Stochastic model of the pulmonary airway tree and its implications for bronchial responsiveness.

The resistance of the pulmonary conducting airway tree (Raw) is a consequence of the resistances of its component airways and how they are connected together. To date, theoretical calculations of Raw have been performed with the aid of mathematical models of the airway tree that are purely deterministic. That is, the mechanical properties of the component airways in these models are precisely defined functions of generation number. Such models take no account of the fact that the airways of a given generation are not all exactly the same but rather exhibit a spectrum of wall thicknesses, amounts of smooth muscle, and number of parenchymal attachments.
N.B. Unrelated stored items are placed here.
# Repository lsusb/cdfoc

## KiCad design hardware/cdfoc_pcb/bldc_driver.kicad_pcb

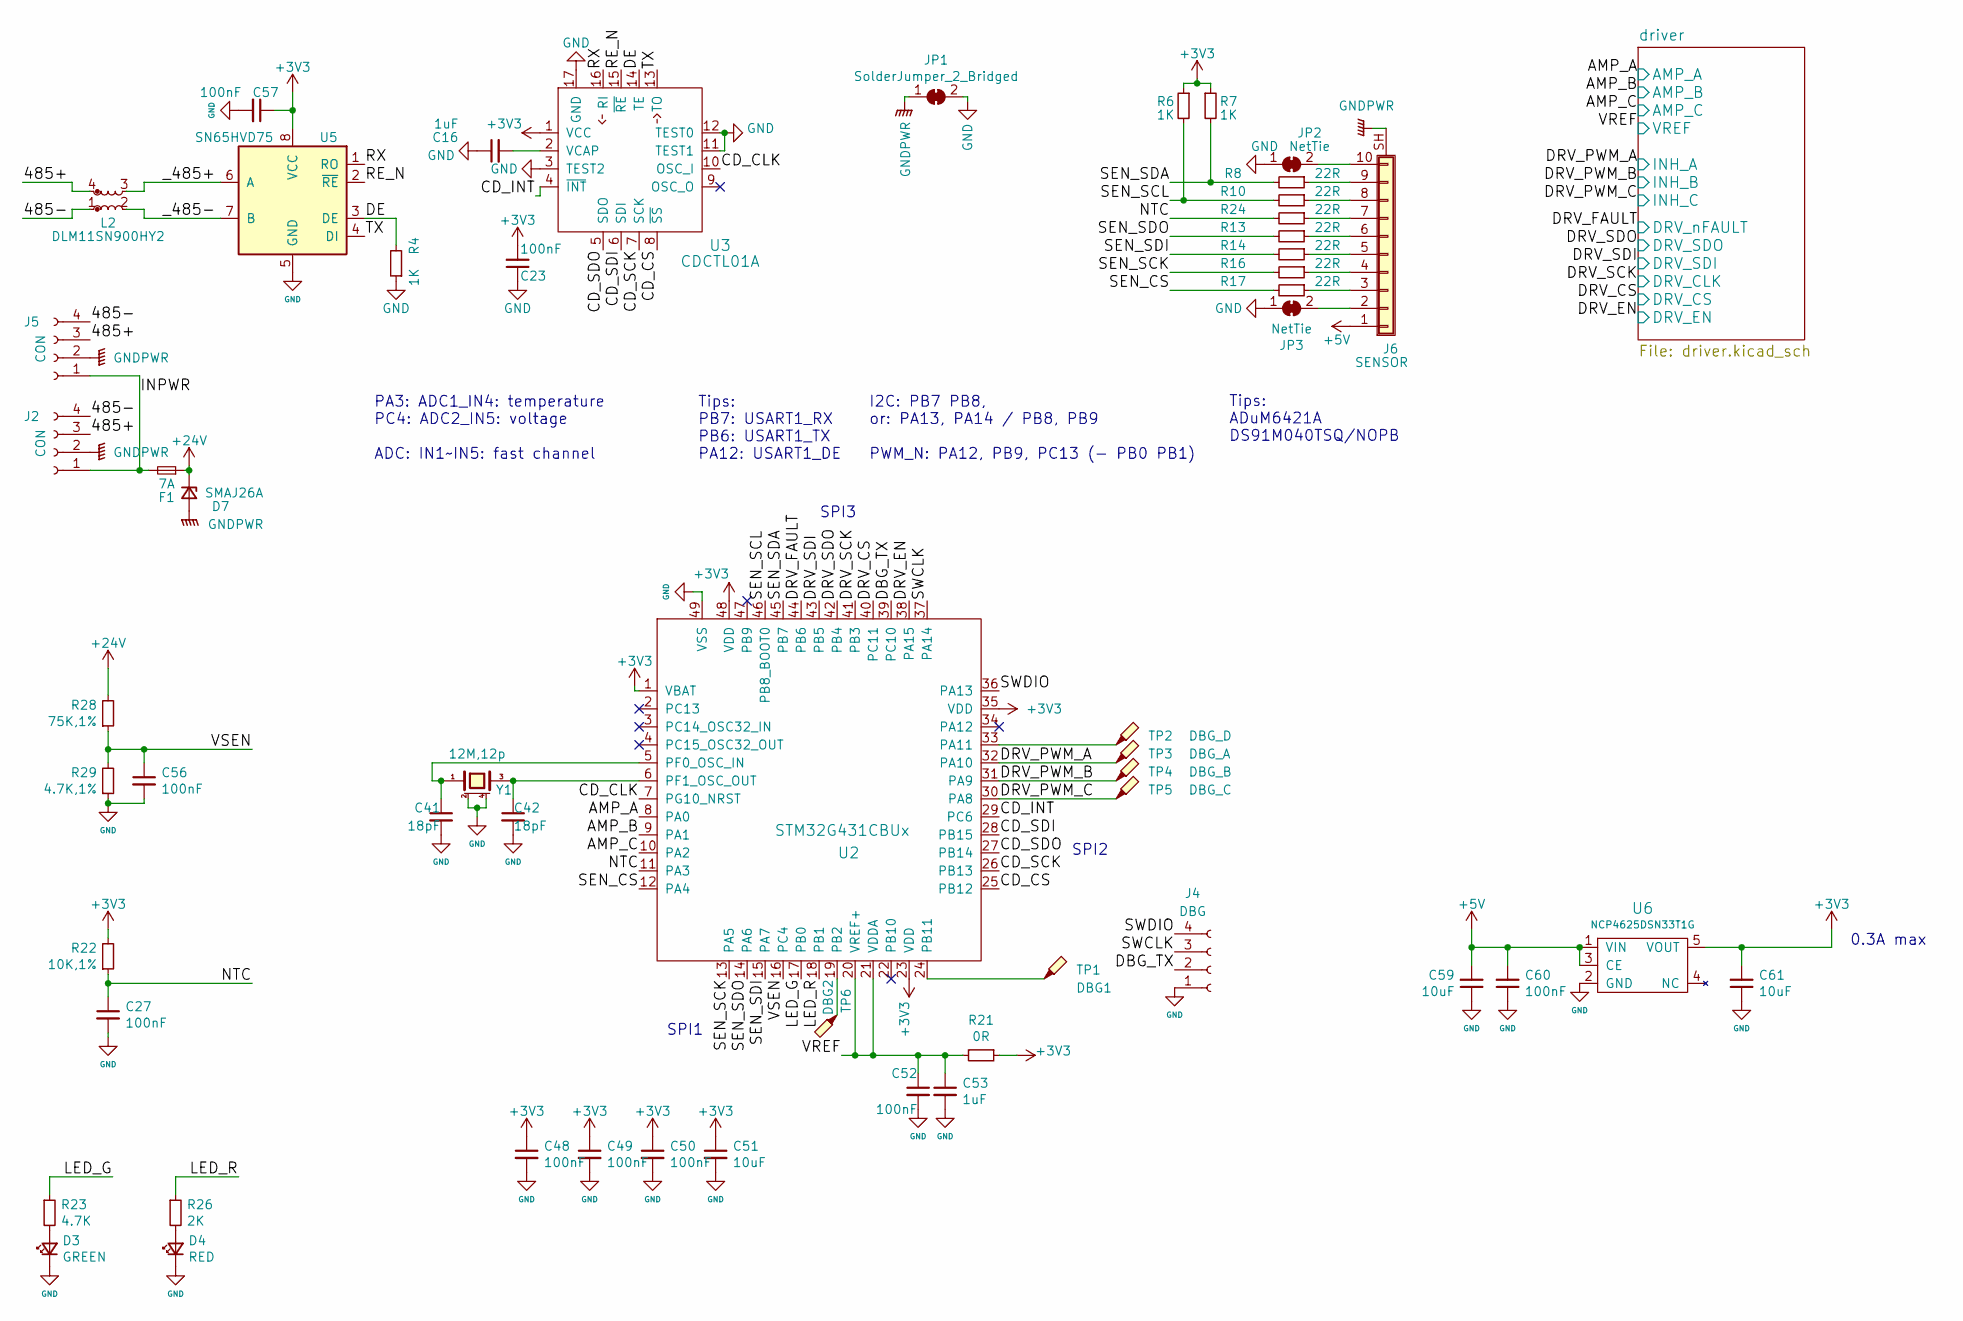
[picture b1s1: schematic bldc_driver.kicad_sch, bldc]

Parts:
C16: 1uF; 0402C_BIG
C23, C27, C48, C49, C50, C52, C56, C57, C60: 100nF; 0402
C41, C42: 18pF; 0402
C51, C59, C61: 10uF; 0402C_BIG
C53: 1uF; 0402
D3: GREEN; 0402D
D4: RED; 0402D
D7: SMAJ26A; SMA
F1: 7A; 1206R
J2, J5: CON; CONN_5268-04A_1x04_P2.50mm_H
J4: DBG; PAD_DIP_4P_1mm
J6: SENSOR; CONN_SH1.0mm_10P_HSMD
JP1: SolderJumper_2_Bridged; NetTie-2_SMD_Pad1mm
JP2, JP3: NetTie; NetTie-2_SMD_Pad0.5mm
L2: DLM11SN900HY2; L_CommonModeChoke_Coilcraft_0603USB
R4, R6, R7: 1K; 0402
R8, R10, R13, R14, R16, R17, R24: 22R; 0402
R21: 0R; 0402
R22: 10K,1%; 0402
R23: 4.7K; 0402
R26: 2K; 0402
R28: 75K,1%; 0402
R29: 4.7K,1%; 0402
TP1: DBG1; TP-D0.8mm
TP2: DBG_D; TP-D0.8mm
TP3: DBG_A; TP-D0.8mm
TP4: DBG_B; TP-D0.8mm
TP5: DBG_C; TP-D0.8mm
TP6: DBG2; TP-D0.8mm
U2: STM32G431CBUx; QFN-48-1EP_7x7mm_P0.5mm_EP5.6x5.6mm
U3: CDCTL01A; QFN-16-1EP_3x3mm_P0.5mm_EP1.7x1.7mm
U5: SN65HVD75; SON-8
U6: NCP4625DSN33T1G; SOT-23-5
Y1: 12M,12p; XTAL-3225

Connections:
+3V3: C23.2, C48.1, C49.1, C50.1, C51.1, C57.1, C61.2, R6.1, R7.1, R21.1, R22.2, U2.1 (VBAT), U2.23 (VDD), U2.35 (VDD), U2.48 (VDD), U3.1 (VCC), U5.8 (VCC), U6.5 (VOUT); also elsewhere on the board
+5V: C59.2, C60.2, J6.1, U6.1 (VIN), U6.3 (CE); also elsewhere on the board
+24V: D7.1 (K), F1.1, R28.2; also elsewhere on the board
/485+: J2.3, J5.3, L2.4
/485-: J2.4, J5.4, L2.1
/AMP_A: U2.8 (PA0); also elsewhere on the board
/AMP_B: U2.9 (PA1); also elsewhere on the board
/AMP_C: U2.10 (PA2); also elsewhere on the board
/CD_CLK: U2.7 (PG10_NRST), U3.10 (OSC_I)
/CD_CS: U2.25 (PB12), U3.8 (~SS)
/CD_INT: U2.29 (PC6), U3.4 (~INT)
/CD_SCK: U2.26 (PB13), U3.7 (SCK)
/CD_SDI: U2.28 (PB15), U3.6 (SDI)
/CD_SDO: U2.27 (PB14), U3.5 (SDO)
/DBG_TX: J4.2, U2.39 (PC10)
/DE: R4.2, U3.14 (TE), U5.3 (DE)
/DRV_CS: U2.40 (PC11); also elsewhere on the board
/DRV_EN: U2.38 (PA15); also elsewhere on the board
/DRV_FAULT: U2.44 (PB6); also elsewhere on the board
/DRV_PWM_A: TP3.1, U2.32 (PA10); also elsewhere on the board
/DRV_PWM_B: TP4.1, U2.31 (PA9); also elsewhere on the board
/DRV_PWM_C: TP5.1, U2.30 (PA8); also elsewhere on the board
/DRV_SCK: U2.41 (PB3); also elsewhere on the board
/DRV_SDI: U2.43 (PB5); also elsewhere on the board
/DRV_SDO: U2.42 (PB4); also elsewhere on the board
/INPWR: F1.2, J2.1, J5.1
/LED_G: R23.1, U2.17 (PB0)
/LED_R: R26.1, U2.18 (PB1)
/NTC: C27.1, R22.1, R24.2, U2.11 (PA3)
/RE_N: U3.15 (~RE), U5.2 (~RE)
/RX: U3.16 (RI), U5.1 (RO)
/SEN_CS: R17.2, U2.12 (PA4)
/SEN_SCK: R16.2, U2.13 (PA5)
/SEN_SCL: R6.2, R10.2, U2.46 (PB8_BOOT0)
/SEN_SDA: R7.2, R8.2, U2.45 (PB7)
/SEN_SDI: R14.2, U2.15 (PA7)
/SEN_SDO: R13.2, U2.14 (PA6)
/SWCLK: J4.3, U2.37 (PA14)
/SWDIO: J4.4, U2.36 (PA13)
/TX: U3.13 (TO), U5.4 (DI)
/VREF: C52.1, C53.1, R21.2, U2.20 (VREF+), U2.21 (VDDA); also elsewhere on the board
/VSEN: C56.1, R28.1, R29.2, U2.16 (PC4)
/_485+: L2.3, U5.6 (A)
/_485-: L2.2, U5.7 (B)
GND: C16.1, C23.1, C27.2, C41.2, C42.2, C48.2, C49.2, C50.2, C51.2, C52.2, C53.2, C56.2, C57.2, C59.1, C60.1, C61.1, D3.1 (K), D4.1 (K), J4.1, JP1.2 (B), JP2.1 (A), JP3.1 (A), R4.1, R29.1, U2.49 (VSS), U3.3 (TEST2), U3.11 (TEST1), U3.12 (TEST0), U3.17 (GND), U5.5 (GND), U6.2 (GND), Y1.2 (case), Y1.4 (case); also elsewhere on the board
GNDPWR: D7.2 (A), J2.2, J5.2, J6.SH (Shield), JP1.1 (A); also elsewhere on the board
unnamed: D3.2 (A), R23.2
unnamed: D4.2 (A), R26.2
unnamed: J6.2, JP3.2 (B)
unnamed: J6.3, R17.1
unnamed: J6.4, R16.1
unnamed: J6.5, R14.1
unnamed: J6.6, R13.1
unnamed: J6.7, R24.1
unnamed: J6.8, R10.1
unnamed: J6.9, R8.1
unnamed: J6.10, JP2.2 (B)
unnamed: TP2.1, U2.33 (PA11)
unnamed: TP6.1, U2.19 (PB2)
unnamed: TP1.1, U2.24 (PB11)
unnamed: C41.1, U2.5 (PF0_OSC_IN), Y1.1
unnamed: C42.1, U2.6 (PF1_OSC_OUT), Y1.3
unnamed: C16.2, U3.2 (VCAP)

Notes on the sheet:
PA3: ADC1_IN4: temperature PC4: ADC2_IN5: voltage ADC: IN1~IN5: fast channel
Tips: PB7: USART1_RX PB6: USART1_TX PA12: USART1_DE
SPI3
SPI1
Tips: ADuM6421A DS91M040TSQ/NOPB
I2C: PB7 PB8, or: PA13, PA14 / PB8, PB9 PWM_N: PA12, PB9, PC13 (- PB0 PB1)
0.3A max
SPI2

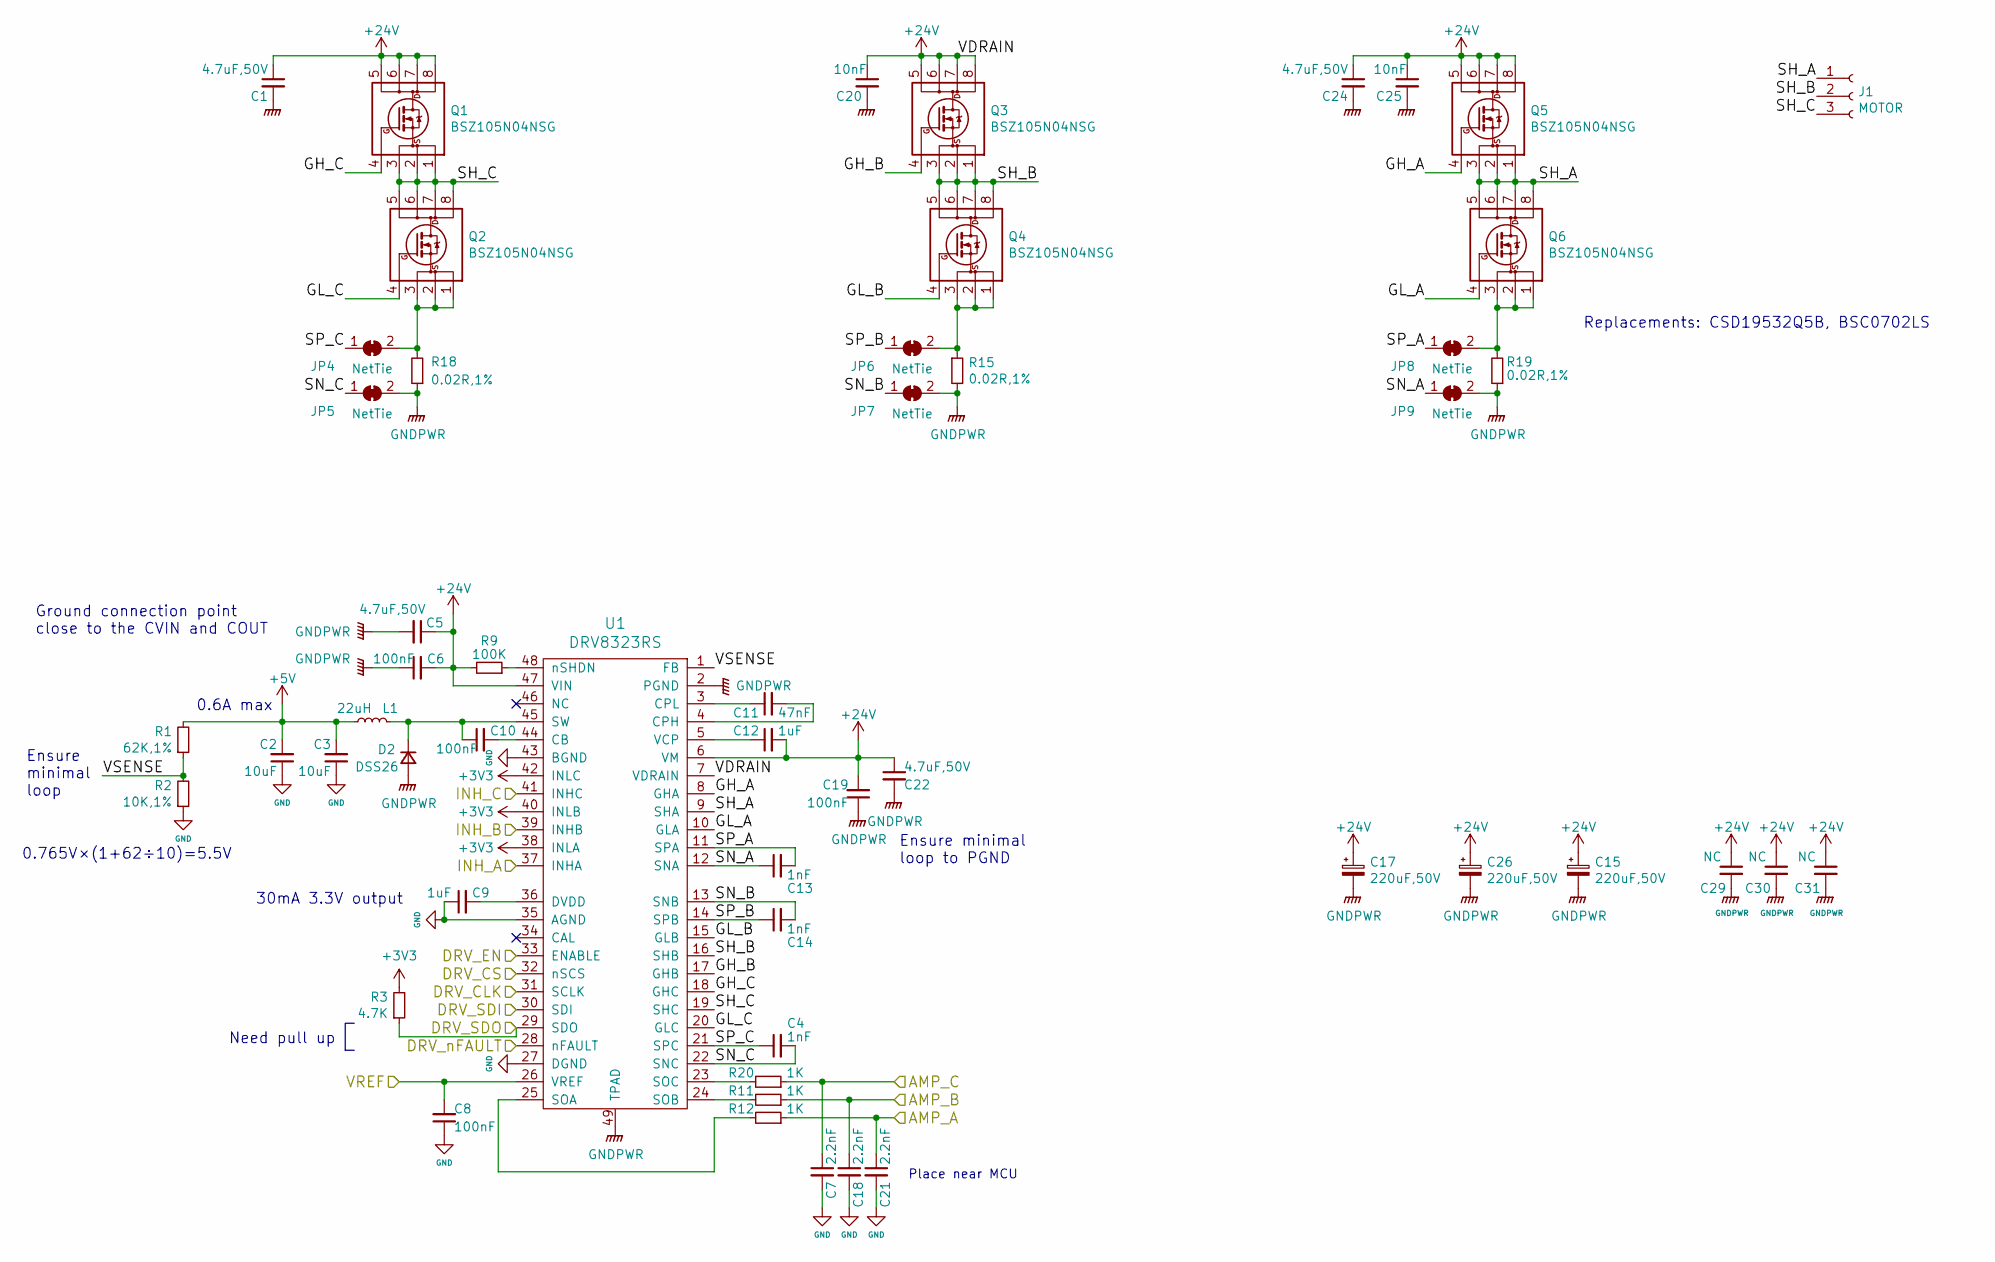
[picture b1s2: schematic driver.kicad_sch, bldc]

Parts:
C1, C5, C22, C24: 4.7uF,50V; 0805
C2, C3: 10uF; 0402C_BIG
C4, C13, C14: 1nF; 0402
C6, C8, C10, C19: 100nF; 0402
C7, C18, C21: 2.2nF; 0402
C9, C12: 1uF; 0402
C11: 47nF; 0402
C15, C17, C26: 220uF,50V; CP_Elec_10x10
C20, C25: 10nF; 0402
C29, C30, C31: NC; 1206
D2: DSS26; D_SOD-123F
J1: MOTOR; CONN_5268-03A_1x03_P2.50mm_H
JP4, JP5, JP6, JP7, JP8, JP9: NetTie; NetTie-2_SMD_Pad0.16mm
L1: 22uH; L_Taiyo-Yuden_MD-4040
Q1, Q2, Q3, Q4, Q5, Q6: BSZ105N04NSG; PG-TSDSON-8_3x3mm
R1: 62K,1%; 0402
R2: 10K,1%; 0402
R3: 4.7K; 0402
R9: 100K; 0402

In the present study, the properties of a 10-generation stochastic airway tree model are investigated. The lengths and radii of the airways in the tree are drawn randomly from probability distribution functions (PDFs), the means of which are deterministic functions of generation number and the standard deviations are assigned various values. Monte Carlo simulation is used to estimate the PDF of Raw itself in various conditions. We show that the relative width of the PDF of Raw may be comparable to that of the PDFs from which the individual airway radii were drawn. It is also shown that when bronchoconstriction is simulated by narrowing each airway by a random amount the resulting PDF for Raw may increase in width many times. We conclude that the variations in airway responsiveness seen in nature can only be properly understood when the distribution of airway properties within the lung are taken into account.